Ela saiu, e eu fiquei sozinha. Dei uma olhada no Jipe, estava muito bom. As grades estavam em todas as janelas, haviam pedaços afiados de ferro nas laterais. Um verdadeiro carro de apocalipse, acho que os outros ficaram tão bons quanto esse. Tá. Eu tenho uma difícil decisão pra tomar. Eu fiquei ali, brisando, lembrando e me matando com medo de fazer algo errado. Depois de algum tempo, eu já estava entediada, mas esperava que ele também estivesse. Eu não pedi para ele voltar, eu não pedi para que ele falasse comigo, não depois do dia em que eu fui presa. Então ele que esperasse, mas eu estava exausta e queria que esse teatro acabasse logo.

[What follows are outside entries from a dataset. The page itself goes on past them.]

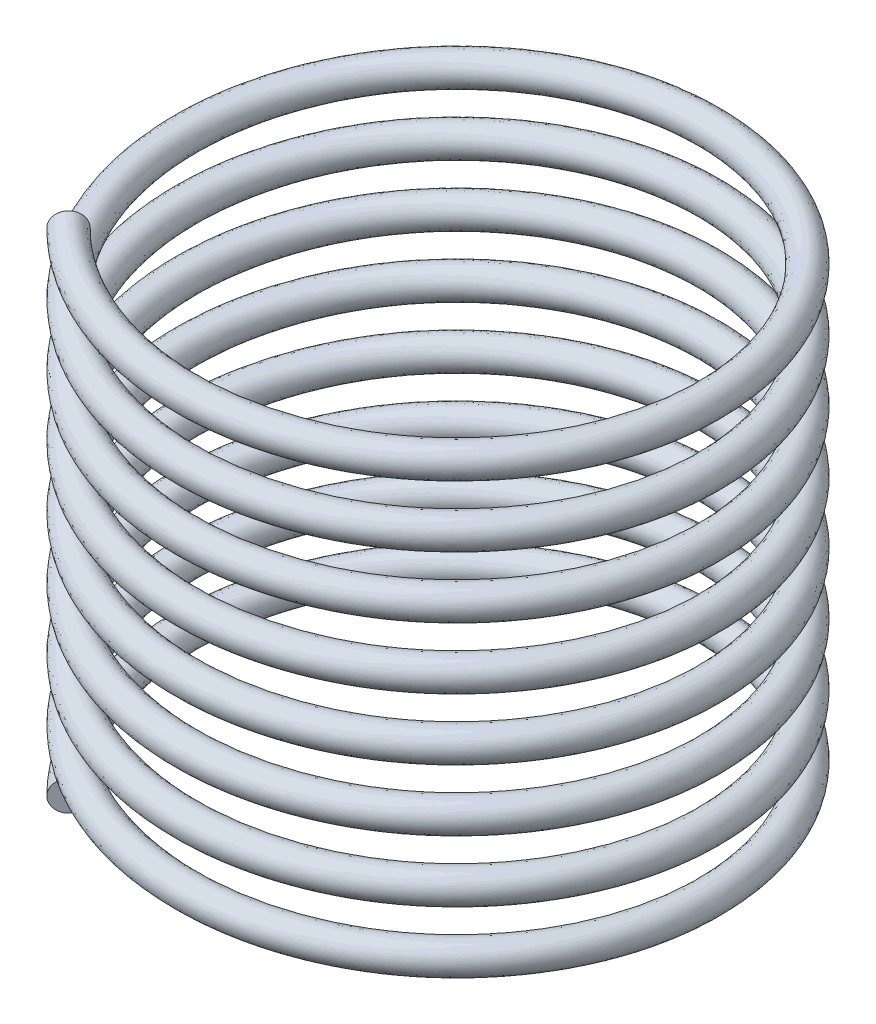
from build123d import *

# Parameters (mm, degrees)
SWEEP1_PITCH       = 1
SWEEP1_HEIGHT      = 8
SWEEP1_RADIUS      = 4.25
SWEEP1_START_ANGLE = -45
SWEEP1_PROFILE_R   = 0.25


with BuildPart() as part:
    # Sweep1: sweep along a helix
    with BuildLine() as sweep1_path:
        add(Helix(SWEEP1_PITCH, SWEEP1_HEIGHT, SWEEP1_RADIUS, center=(0, 0, 0), direction=(0, 1, 0), lefthand=True, mode=Mode.PRIVATE).rotate(Axis((0, 0, 0), (0, 1, 0)), SWEEP1_START_ANGLE))
    # Sweep1 profile (on start of the path) → Sweep1 (sweep)
    with BuildSketch(Plane(origin=(-3.00520382, 0, 3.00520382), x_dir=(0.7071067811862208, 0, -0.7071067811868742), z_dir=(-0.7066114896330161, 0.037421991370619065, -0.7066114896323632))):
        Circle(SWEEP1_PROFILE_R)
    sweep(path=sweep1_path.line, is_frenet=True)


solid = part.part
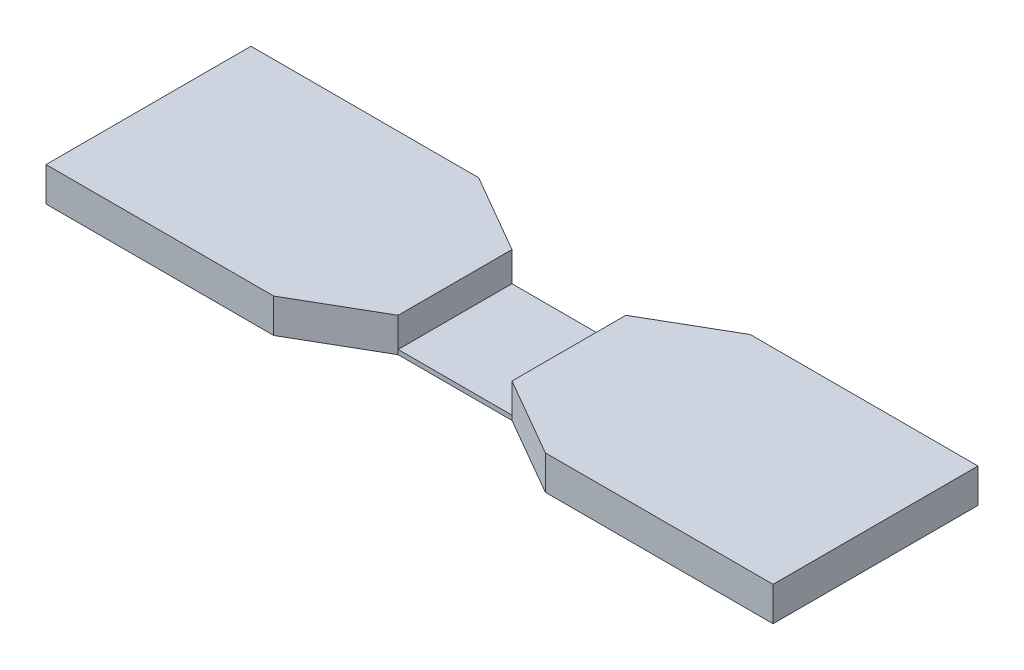
from build123d import *

# Parameters (mm, degrees)
BOSS_EXTRUDE1_DEPTH   = 3
BOSS_EXTRUDE1_2_DEPTH = 3
SKETCH1_3_W           = 10
SKETCH1_3_H           = 10
BOSS_EXTRUDE2_DEPTH   = 0.4


with BuildPart() as part:
    # Sketch1 → Boss-Extrude1 (new body)
    with BuildSketch(Plane(origin=(0, 0, 0), x_dir=(1, 0, 0), z_dir=(0, 1, 0))):
        Polygon((6.92820323, 9.029673591), (0, 5.029673591), (0, -4.970326409), (6.92820323, -8.970326409), (26.92820323, -8.970326409), (26.92820323, 9.029673591), align=None)
    extrude(amount=BOSS_EXTRUDE1_DEPTH)



with BuildPart() as body_2:
    # Sketch1 → Boss-Extrude1 2 (new body)
    with BuildSketch(Plane(origin=(0, 0, 0), x_dir=(1, 0, 0), z_dir=(0, 1, 0))):
        Polygon((-10, -4.970326409), (-10, 5.029673591), (-16.92820323, 9.029673591), (-36.92820323, 9.029673591), (-36.92820323, -8.970326409), (-16.92820323, -8.970326409), align=None)
    extrude(amount=BOSS_EXTRUDE1_2_DEPTH)


with BuildPart() as part_1:
    add(part.part)

    add(body_2.part)  # Boss-Extrude2 merges body 2
    # Sketch1<3> → Boss-Extrude2 (add)
    with BuildSketch(Plane(origin=(0, 0, 0), x_dir=(1, 0, 0), z_dir=(0, 1, 0))):
        with Locations((-5, 0.029673591)):
            Rectangle(SKETCH1_3_W, SKETCH1_3_H)
    extrude(amount=BOSS_EXTRUDE2_DEPTH)


solid = part_1.part
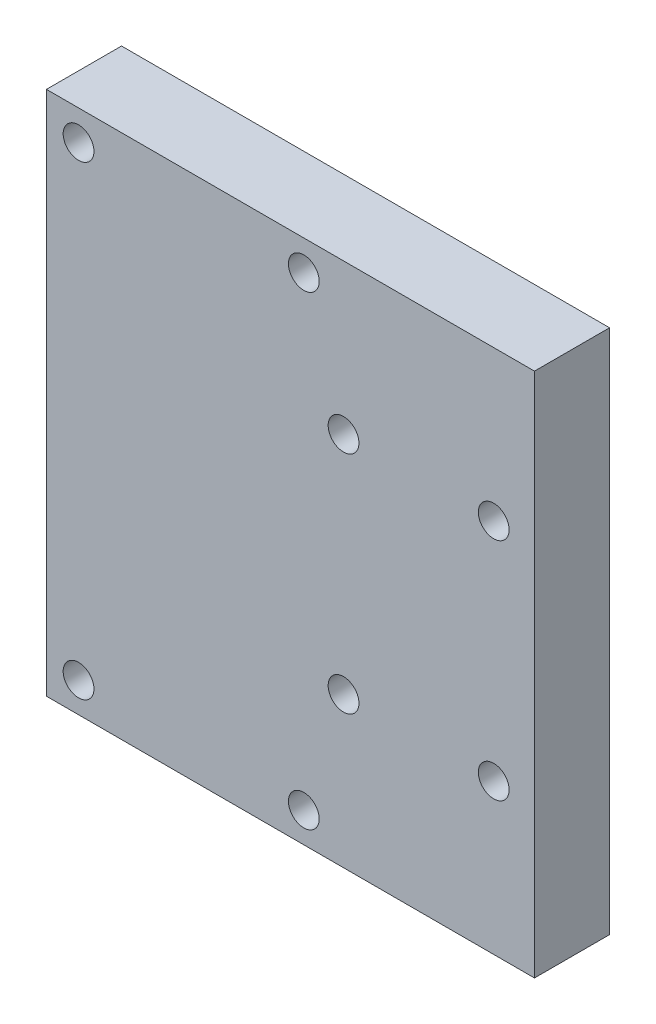
from build123d import *

# Parameters (mm, degrees)
SKETCH1_W           = 65
SKETCH1_H           = 70
SKETCH1_R           = 2.05
BOSS_EXTRUDE1_DEPTH = 10


with BuildPart() as part:
    # Sketch1 → Boss-Extrude1 (new body)
    with BuildSketch(Plane.XY):
        Rectangle(SKETCH1_W, SKETCH1_H)
        with Locations((-28.221560834, 31)):
            Circle(SKETCH1_R, mode=Mode.SUBTRACT)
        with Locations((1.778439166, 31)):
            Circle(SKETCH1_R, mode=Mode.SUBTRACT)
        with Locations((1.778439166, -31)):
            Circle(SKETCH1_R, mode=Mode.SUBTRACT)
        with Locations((-28.221560834, -31)):
            Circle(SKETCH1_R, mode=Mode.SUBTRACT)
        with Locations((27.070034525, 15)):
            Circle(SKETCH1_R, mode=Mode.SUBTRACT)
        with Locations((7.070034525, 15)):
            Circle(SKETCH1_R, mode=Mode.SUBTRACT)
        with Locations((7.070034525, -15)):
            Circle(SKETCH1_R, mode=Mode.SUBTRACT)
        with Locations((27.070034525, -15)):
            Circle(SKETCH1_R, mode=Mode.SUBTRACT)
    extrude(amount=BOSS_EXTRUDE1_DEPTH)


solid = part.part

Assim que eu apareci, ele se endireitou rapidamente. O pessoal cochichava e olhava para mim, provavelmente se perguntando sobre a minha decisão. Vinicius ia caminhar na minha direção mas eu apontei para ele e em seguida para um ponto distante onde ninguém poderia nos ouvir. Eu não estava pronta para enfrentá-lo, eu nunca estive. Seria mais difícil agora que eu tinha nossas vidas em mãos.
-Eu só queria falar que senti...
Eu o interrompi.
-Antes que você fale algo que não vai se lembrar daqui á duas horas, eu quero que saiba que demorou muito para eu me decidir, eu levei em conta coisas que eu desejei ter esquecido e você tem que agradecer por eu ter um bom coração.
Um pequena pausa, meu coração está acelerado. Ele sustenta o meu olhar e eu o desvio olhando para o céu. Por que diabos eu tinha que ser tão fraca quando tenho que ser forte?
-Você vai ficar aqui, só por essa noite. Eu não quero você e seus amigos perto da Anne ou da Jamille nem de nenhuma outra pessoa.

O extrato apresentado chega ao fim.